Author: Julia Phillips
Reviewed by: Amelia Valasek, Library Manager
Who should read this: Anyone who enjoys short stories, rugged landscapes, fully realized characters, small human dramas, and a dark mystery puzzled together in intricate parts.
Personal impression: I could NOT put this book down. At first, I felt a little off kilter because I was expecting a standard mystery thriller, but got something much different, and much better.
Review: This book, set on the rugged Kamchatka peninsula of Russia’s eastern shore, hovers in the dreamy space between a novel and a collection of related short stories. Circling the periphery of the book are the stories of three missing people: a pair of young sisters who have been abducted from the center of Kamchatka’s only metropolitan city, and a young Indigenous woman who disappears from a northern village. These missing children haunt the edges of each individual story, where a wide cast of fully realized characters experience their own struggles and triumphs.

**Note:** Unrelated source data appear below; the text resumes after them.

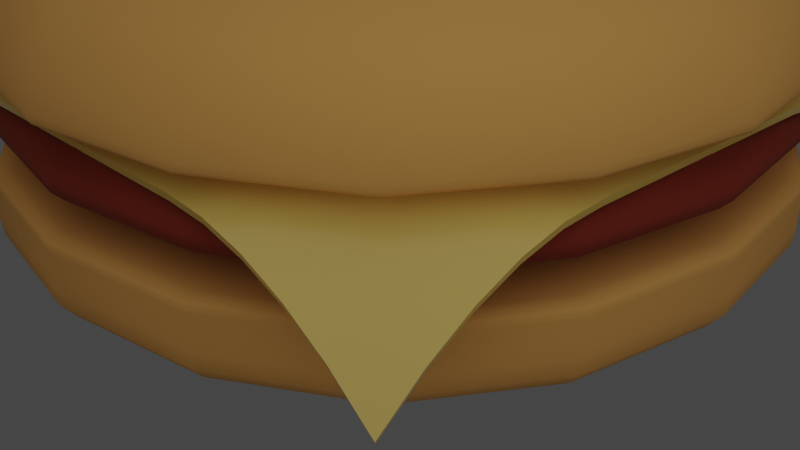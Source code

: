 # Source: project23.blend  (saved by Blender 3.6.11; exported with 4.5.12 LTS)
import bpy
from mathutils import Matrix  # noqa: F401  (used for matrix-valued properties, if any)

bpy.ops.wm.read_factory_settings(use_empty=True)
scene = bpy.context.scene
scene.name = 'Scene'

# ---- collections
col_collection = bpy.data.collections.new('Collection'); scene.collection.children.link(col_collection)

# ---- materials (node trees are filled in below, after node groups)
mat_bunmaterial = bpy.data.materials.new('bunMaterial')
mat_bunmaterial.alpha_threshold = 0.0
mat_bunmaterial.use_transparent_shadow = False
mat_bunmaterial.roughness = 0.5
mat_bunmaterial.line_color = (0.0, 0.0, 0.0, 1.0)
mat_meatmaterial = bpy.data.materials.new('meatMaterial')
mat_meatmaterial.use_transparent_shadow = False
mat_cheesematerial = bpy.data.materials.new('cheeseMaterial')
mat_cheesematerial.use_transparent_shadow = False

# ---- node groups
ng_auto_smooth = bpy.data.node_groups.new('Auto Smooth', 'GeometryNodeTree')
_s = ng_auto_smooth.interface.new_socket(name='Geometry', in_out='OUTPUT', socket_type='NodeSocketGeometry')
_s = ng_auto_smooth.interface.new_socket(name='Geometry', in_out='INPUT', socket_type='NodeSocketGeometry')
_s = ng_auto_smooth.interface.new_socket(name='Angle', in_out='INPUT', socket_type='NodeSocketFloat')
_s.subtype = 'ANGLE'
_s.min_value = 0.0
_s.max_value = 3.142
ng_auto_smooth.is_modifier = True
_N = ng_auto_smooth.nodes; _L = ng_auto_smooth.links
n0 = _N.new('NodeGroupOutput'); n0.name = 'Group Output'; n0.location = (480, -100)
n1 = _N.new('NodeGroupInput'); n1.name = 'Group Input'; n1.location = (-420, -300)
n2 = _N.new('NodeGroupInput'); n2.name = 'Group Input.001'; n2.location = (-60, -100)
n3 = _N.new('GeometryNodeSetShadeSmooth'); n3.name = 'Set Shade Smooth'; n3.location = (120, -100)
n3.domain = 'EDGE'
n4 = _N.new('GeometryNodeSetShadeSmooth'); n4.name = 'Set Shade Smooth.001'; n4.location = (300, -100)
n5 = _N.new('GeometryNodeInputMeshEdgeAngle'); n5.name = 'Edge Angle'; n5.location = (-420, -220)
n6 = _N.new('GeometryNodeInputEdgeSmooth'); n6.name = 'Is Edge Smooth'; n6.location = (-60, -160)
n7 = _N.new('GeometryNodeInputShadeSmooth'); n7.name = 'Is Face Smooth'; n7.location = (-240, -340)
n8 = _N.new('FunctionNodeBooleanMath'); n8.name = 'Boolean Math'; n8.location = (-60, -220)
n9 = _N.new('FunctionNodeCompare'); n9.name = 'Compare'; n9.location = (-240, -180)
n9.operation = 'LESS_EQUAL'
_L.new(n5.outputs[0], n9.inputs[0])
_L.new(n4.outputs[0], n0.inputs[0])
_L.new(n1.outputs[1], n9.inputs[1])
_L.new(n9.outputs[0], n8.inputs[0])
_L.new(n7.outputs[0], n8.inputs[1])
_L.new(n2.outputs[0], n3.inputs[0])
_L.new(n6.outputs[0], n3.inputs[1])
_L.new(n3.outputs[0], n4.inputs[0])
_L.new(n8.outputs[0], n3.inputs[2])
n0.is_active_output = True

# ---- material node trees
mat_bunmaterial.use_nodes = True; mat_bunmaterial.node_tree.nodes.clear()
_N = mat_bunmaterial.node_tree.nodes; _L = mat_bunmaterial.node_tree.links
n0 = _N.new('ShaderNodeOutputMaterial'); n0.name = 'Material Output'; n0.location = (300, 300)
n1 = _N.new('ShaderNodeBsdfPrincipled'); n1.name = 'Principled BSDF'; n1.location = (10, 300)
n1.distribution = 'GGX'
n1.subsurface_method = 'RANDOM_WALK_SKIN'
n1.inputs[0].default_value = (0.8879, 0.4342, 0.1119, 1.0)
n1.inputs[2].default_value = 1.0
n1.inputs[3].default_value = 1.45
n1.inputs[27].default_value = (0.0, 0.0, 0.0, 1.0)
n1.inputs[28].default_value = 1.0
_L.new(n1.outputs[0], n0.inputs[0])
n0.is_active_output = True
mat_meatmaterial.use_nodes = True; mat_meatmaterial.node_tree.nodes.clear()
_N = mat_meatmaterial.node_tree.nodes; _L = mat_meatmaterial.node_tree.links
n0 = _N.new('ShaderNodeBsdfPrincipled'); n0.name = 'Principled BSDF'; n0.location = (10, 300)
n0.distribution = 'GGX'
n0.subsurface_method = 'RANDOM_WALK_SKIN'
n0.inputs[0].default_value = (0.2623, 0.0331, 0.0137, 1.0)
n0.inputs[2].default_value = 1.0
n0.inputs[3].default_value = 1.45
n0.inputs[27].default_value = (0.0, 0.0, 0.0, 1.0)
n0.inputs[28].default_value = 1.0
n1 = _N.new('ShaderNodeOutputMaterial'); n1.name = 'Material Output'; n1.location = (300, 300)
_L.new(n0.outputs[0], n1.inputs[0])
n1.is_active_output = True
mat_cheesematerial.use_nodes = True; mat_cheesematerial.node_tree.nodes.clear()
_N = mat_cheesematerial.node_tree.nodes; _L = mat_cheesematerial.node_tree.links
n0 = _N.new('ShaderNodeBsdfPrincipled'); n0.name = 'Principled BSDF'; n0.location = (10, 300)
n0.distribution = 'GGX'
n0.subsurface_method = 'RANDOM_WALK_SKIN'
n0.inputs[0].default_value = (0.8879, 0.6376, 0.1529, 1.0)
n0.inputs[2].default_value = 0.2
n0.inputs[3].default_value = 1.45
n0.inputs[27].default_value = (0.0, 0.0, 0.0, 1.0)
n0.inputs[28].default_value = 1.0
n1 = _N.new('ShaderNodeOutputMaterial'); n1.name = 'Material Output'; n1.location = (300, 300)
_L.new(n0.outputs[0], n1.inputs[0])
n1.is_active_output = True

# ---- world
world_world = bpy.data.worlds.new('World'); scene.world = world_world
world_world.use_nodes = True; world_world.node_tree.nodes.clear()
_N = world_world.node_tree.nodes; _L = world_world.node_tree.links
n0 = _N.new('ShaderNodeOutputWorld'); n0.name = 'World Output'; n0.location = (300, 300)
n1 = _N.new('ShaderNodeBackground'); n1.name = 'Background'; n1.location = (10, 300)
n1.inputs[0].default_value = (0.05088, 0.05088, 0.05088, 1.0)
_L.new(n1.outputs[0], n0.inputs[0])
n0.is_active_output = True
world_world.color = (0.05088, 0.05088, 0.05088)
world_world.use_sun_shadow = False
world_world.sun_shadow_jitter_overblur = 0.0

# ---- cameras
cam_camera = bpy.data.cameras.new('Camera')
cam_camera.clip_end = 100.0
cam_camera.ortho_scale = 7.314

# ---- lights
light_light = bpy.data.lights.new('Light', 'POINT')
light_light.transmission_factor = 0.0
light_light.energy = 5000.0
light_light.shadow_soft_size = 21.16
light_light.shadow_maximum_resolution = 0.006
light_light.use_absolute_resolution = True

# ---- meshes
me_cube = bpy.data.meshes.new('Cube')
me_cube.from_pydata([(4.041, 4.041, 1.044), (4.041, 4.041, -0.08278), (4.041, -4.041, 1.044), (4.041, -4.041, -0.08278), (-4.041, 4.041, 1.044), (-4.041, 4.041, -0.08278), (-4.041, -4.041, 1.044), (-4.041, -4.041, -0.08278), (4.041, 4.041, 1.085), (-4.041, -4.041, 1.085), (4.041, -4.041, 1.085), (-4.041, 4.041, 1.085), (4.041, 4.041, 0.6964), (4.041, -4.041, 0.6964), (-4.041, 4.041, 0.6964), (-4.041, -4.041, 0.6964)], [], [(0, 4, 6, 2), (10, 2, 6, 9), (9, 6, 4, 11), (5, 1, 3, 7), (8, 0, 2, 10), (11, 4, 0, 8), (14, 11, 8, 12), (12, 8, 10, 13), (15, 9, 11, 14), (13, 10, 9, 15), (3, 13, 15, 7), (7, 15, 14, 5), (1, 12, 13, 3), (5, 14, 12, 1)])
me_cube.polygons.foreach_set('use_smooth', [True] * 14)
_uv = me_cube.uv_layers.new(name='UVMap')
_uv.uv.foreach_set('vector', [0.625, 0.5, 0.875, 0.5, 0.875, 0.75, 0.625, 0.75, 0.612, 0.75, 0.625, 0.75, 0.625, 1.0, 0.612, 1.0, 0.612, 0.0, 0.625, 0.0, 0.625, 0.25, 0.612, 0.25, 0.125, 0.5, 0.375, 0.5, 0.375, 0.75, 0.125, 0.75, 0.612, 0.5, 0.625, 0.5, 0.625, 0.75, 0.612, 0.75, 0.612, 0.25, 0.625, 0.25, 0.625, 0.5, 0.612, 0.5, 0.4729, 0.25, 0.612, 0.25, 0.612, 0.5, 0.4729, 0.5, 0.4729, 0.5, 0.612, 0.5, 0.612, 0.75, 0.4729, 0.75, 0.4729, 0.0, 0.612, 0.0, 0.612, 0.25, 0.4729, 0.25, 0.4729, 0.75, 0.612, 0.75, 0.612, 1.0, 0.4729, 1.0, 0.375, 0.75, 0.4729, 0.75, 0.4729, 1.0, 0.375, 1.0, 0.375, 0.0, 0.4729, 0.0, 0.4729, 0.25, 0.375, 0.25, 0.375, 0.5, 0.4729, 0.5, 0.4729, 0.75, 0.375, 0.75, 0.375, 0.25, 0.4729, 0.25, 0.4729, 0.5, 0.375, 0.5])
me_cube.materials.append(mat_bunmaterial)
me_cube.use_mirror_vertex_groups = False
me_cube.update()
me_cube_001 = bpy.data.meshes.new('Cube.001')
me_cube_001.from_pydata([(1.522, 1.522, 2.373), (2.817, 2.817, 1.199), (1.522, -1.522, 2.373), (2.817, -2.817, 1.199), (-1.522, 1.522, 2.373), (-2.817, 2.817, 1.199), (-1.522, -1.522, 2.373), (-2.817, -2.817, 1.199), (4.041, 4.041, 1.99), (-4.041, -4.041, 1.99), (4.041, -4.041, 1.99), (-4.041, 4.041, 1.99), (4.041, 4.041, 1.582), (4.041, -4.041, 1.582), (-4.041, 4.041, 1.582), (-4.041, -4.041, 1.582)], [], [(0, 4, 6, 2), (10, 2, 6, 9), (9, 6, 4, 11), (5, 1, 3, 7), (8, 0, 2, 10), (11, 4, 0, 8), (14, 11, 8, 12), (12, 8, 10, 13), (15, 9, 11, 14), (13, 10, 9, 15), (3, 13, 15, 7), (7, 15, 14, 5), (1, 12, 13, 3), (5, 14, 12, 1)])
me_cube_001.polygons.foreach_set('use_smooth', [True] * 14)
_uv = me_cube_001.uv_layers.new(name='UVMap')
_uv.uv.foreach_set('vector', [0.625, 0.5, 0.875, 0.5, 0.875, 0.75, 0.625, 0.75, 0.612, 0.75, 0.625, 0.75, 0.625, 1.0, 0.612, 1.0, 0.612, 0.0, 0.625, 0.0, 0.625, 0.25, 0.612, 0.25, 0.125, 0.5, 0.375, 0.5, 0.375, 0.75, 0.125, 0.75, 0.612, 0.5, 0.625, 0.5, 0.625, 0.75, 0.612, 0.75, 0.612, 0.25, 0.625, 0.25, 0.625, 0.5, 0.612, 0.5, 0.4729, 0.25, 0.612, 0.25, 0.612, 0.5, 0.4729, 0.5, 0.4729, 0.5, 0.612, 0.5, 0.612, 0.75, 0.4729, 0.75, 0.4729, 0.0, 0.612, 0.0, 0.612, 0.25, 0.4729, 0.25, 0.4729, 0.75, 0.612, 0.75, 0.612, 1.0, 0.4729, 1.0, 0.375, 0.75, 0.4729, 0.75, 0.4729, 1.0, 0.375, 1.0, 0.375, 0.0, 0.4729, 0.0, 0.4729, 0.25, 0.375, 0.25, 0.375, 0.5, 0.4729, 0.5, 0.4729, 0.75, 0.375, 0.75, 0.375, 0.25, 0.4729, 0.25, 0.4729, 0.5, 0.375, 0.5])
me_cube_001.materials.append(mat_meatmaterial)
me_cube_001.use_mirror_vertex_groups = False
me_cube_001.update()
me_plane = bpy.data.meshes.new('Plane')
me_plane.from_pydata([(-3.38, -3.38, -1.106), (3.38, -3.38, -1.307), (-3.38, 3.38, -1.668), (3.38, 3.38, -1.29), (-3.38, 2.958, -1.2), (-3.38, 2.535, -0.8368), (-3.38, 2.113, -0.5791), (-3.38, 1.69, -0.4265), (-3.38, 1.268, -0.3789), (-3.38, 0.845, -0.3789), (-3.38, 0.4225, -0.3789), (-3.38, 5.96e-08, -0.3789), (-3.38, -0.4225, -0.3789), (-3.38, -0.845, -0.3789), (-3.38, -1.268, -0.3789), (-3.38, -1.69, -0.3901), (-3.38, -2.113, -0.4645), (-3.38, -2.535, -0.6086), (-3.38, -2.958, -0.8224), (-2.958, -3.38, -0.8224), (-2.535, -3.38, -0.6086), (-2.113, -3.38, -0.4645), (-1.69, -3.38, -0.3901), (-1.268, -3.38, -0.3789), (-0.845, -3.38, -0.3789), (-0.4225, -3.38, -0.3789), (-5.96e-08, -3.38, -0.3789), (0.4225, -3.38, -0.3789), (0.845, -3.38, -0.3789), (1.268, -3.38, -0.3789), (1.69, -3.38, -0.4132), (2.113, -3.38, -0.5231), (2.535, -3.38, -0.7086), (2.958, -3.38, -0.9699), (3.38, -2.958, -0.9699), (3.38, -2.535, -0.7086), (3.38, -2.113, -0.5231), (3.38, -1.69, -0.4132), (3.38, -1.268, -0.3789), (3.38, -0.845, -0.3789), (3.38, -0.4225, -0.3789), (3.38, -5.96e-08, -0.3789), (3.38, 0.4225, -0.3789), (3.38, 0.845, -0.3789), (3.38, 1.268, -0.3789), (3.38, 1.69, -0.4126), (3.38, 2.113, -0.5204), (3.38, 2.535, -0.7025), (3.38, 2.958, -0.959), (2.958, 3.38, -0.959), (2.535, 3.38, -0.7025), (2.113, 3.38, -0.5204), (1.69, 3.38, -0.4126), (1.268, 3.38, -0.3789), (0.845, 3.38, -0.3789), (0.4225, 3.38, -0.3789), (5.96e-08, 3.38, -0.3789), (-0.4225, 3.38, -0.3789), (-0.845, 3.38, -0.3789), (-1.268, 3.38, -0.3789), (-1.69, 3.38, -0.4265), (-2.113, 3.38, -0.5791), (-2.535, 3.38, -0.8368), (-2.958, 3.38, -1.2), (-2.958, -2.958, -0.5846), (-2.958, -2.535, -0.4301), (-2.958, -2.113, -0.31), (-2.958, -1.69, -0.2482), (-2.958, -1.268, -0.2413), (-2.958, -0.845, -0.2413), (-2.958, -0.4225, -0.2413), (-2.958, -5.96e-08, -0.2413), (-2.958, 0.4225, -0.2413), (-2.958, 0.845, -0.2413), (-2.958, 1.268, -0.2413), (-2.958, 1.69, -0.2773), (-2.958, 2.113, -0.4092), (-2.958, 2.535, -0.6272), (-2.958, 2.958, -0.8904), (-2.535, -2.958, -0.4301), (-2.535, -2.535, -0.238), (-2.535, -2.113, -0.1665), (-2.535, -1.69, -0.1349), (-2.535, -1.268, -0.1346), (-2.535, -0.845, -0.1346), (-2.535, -0.4225, -0.1346), (-2.535, -5.96e-08, -0.1346), (-2.535, 0.4225, -0.1346), (-2.535, 0.845, -0.1346), (-2.535, 1.268, -0.1346), (-2.535, 1.69, -0.1465), (-2.535, 2.113, -0.2284), (-2.535, 2.535, -0.3655), (-2.535, 2.958, -0.6272), (-2.113, -2.958, -0.31), (-2.113, -2.535, -0.1665), (-2.113, -2.113, -0.06214), (-2.113, -1.69, -0.05885), (-2.113, -1.268, -0.05885), (-2.113, -0.845, -0.05885), (-2.113, -0.4225, -0.05885), (-2.113, -5.96e-08, -0.05885), (-2.113, 0.4225, -0.05885), (-2.113, 0.845, -0.05885), (-2.113, 1.268, -0.05885), (-2.113, 1.69, -0.05873), (-2.113, 2.113, -0.08358), (-2.113, 2.535, -0.2284), (-2.113, 2.958, -0.4092), (-1.69, -2.958, -0.2482), (-1.69, -2.535, -0.1349), (-1.69, -2.113, -0.05885), (-1.69, -1.69, -0.01399), (-1.69, -1.268, -0.01399), (-1.69, -0.845, -0.01399), (-1.69, -0.4225, -0.01399), (-1.69, -5.96e-08, -0.01399), (-1.69, 0.4225, -0.01399), (-1.69, 0.845, -0.01399), (-1.69, 1.268, -0.01399), (-1.69, 1.69, -0.01394), (-1.69, 2.113, -0.05873), (-1.69, 2.535, -0.1465), (-1.69, 2.958, -0.2773), (-1.268, -2.958, -0.2413), (-1.268, -2.535, -0.1346), (-1.268, -2.113, -0.05885), (-1.268, -1.69, -0.01399), (-1.268, -1.268, 0.0), (-1.268, -0.845, 0.0), (-1.268, -0.4225, 0.0), (-1.268, -5.96e-08, 0.0), (-1.268, 0.4225, 0.0), (-1.268, 0.845, 0.0), (-1.268, 1.268, 0.0), (-1.268, 1.69, -0.01399), (-1.268, 2.113, -0.05885), (-1.268, 2.535, -0.1346), (-1.268, 2.958, -0.2413), (-0.845, -2.958, -0.2413), (-0.845, -2.535, -0.1346), (-0.845, -2.113, -0.05885), (-0.845, -1.69, -0.01399), (-0.845, -1.268, 0.0), (-0.845, -0.845, 0.0), (-0.845, -0.4225, 0.0), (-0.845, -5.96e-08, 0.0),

For mystery lovers, fear not. The author does not abandon the thread of the missing girls, and those who pay close attention will be rewarded with a tightly woven web that comes to a very satisfying conclusion. Rather than giving us another book in which missing girls serve as a canvas for a clever detective to save the day by following his gut and breaking all the rules, this book instead gives us a mystery that plays out in kitchens and streets and hallways, in the conflict between cultures, and the pull of fully realized humanity.
Julia Phillips, who spent two years living on the Kamchatka peninsula in 2011, infuses the story with small cultural details that transport the reader to this distant and gorgeous landscape. Her writing, both clear and beautiful, lacking in artifice or self-importance, allows the reader to loose themselves within the small unfolding dramas of each new chapter.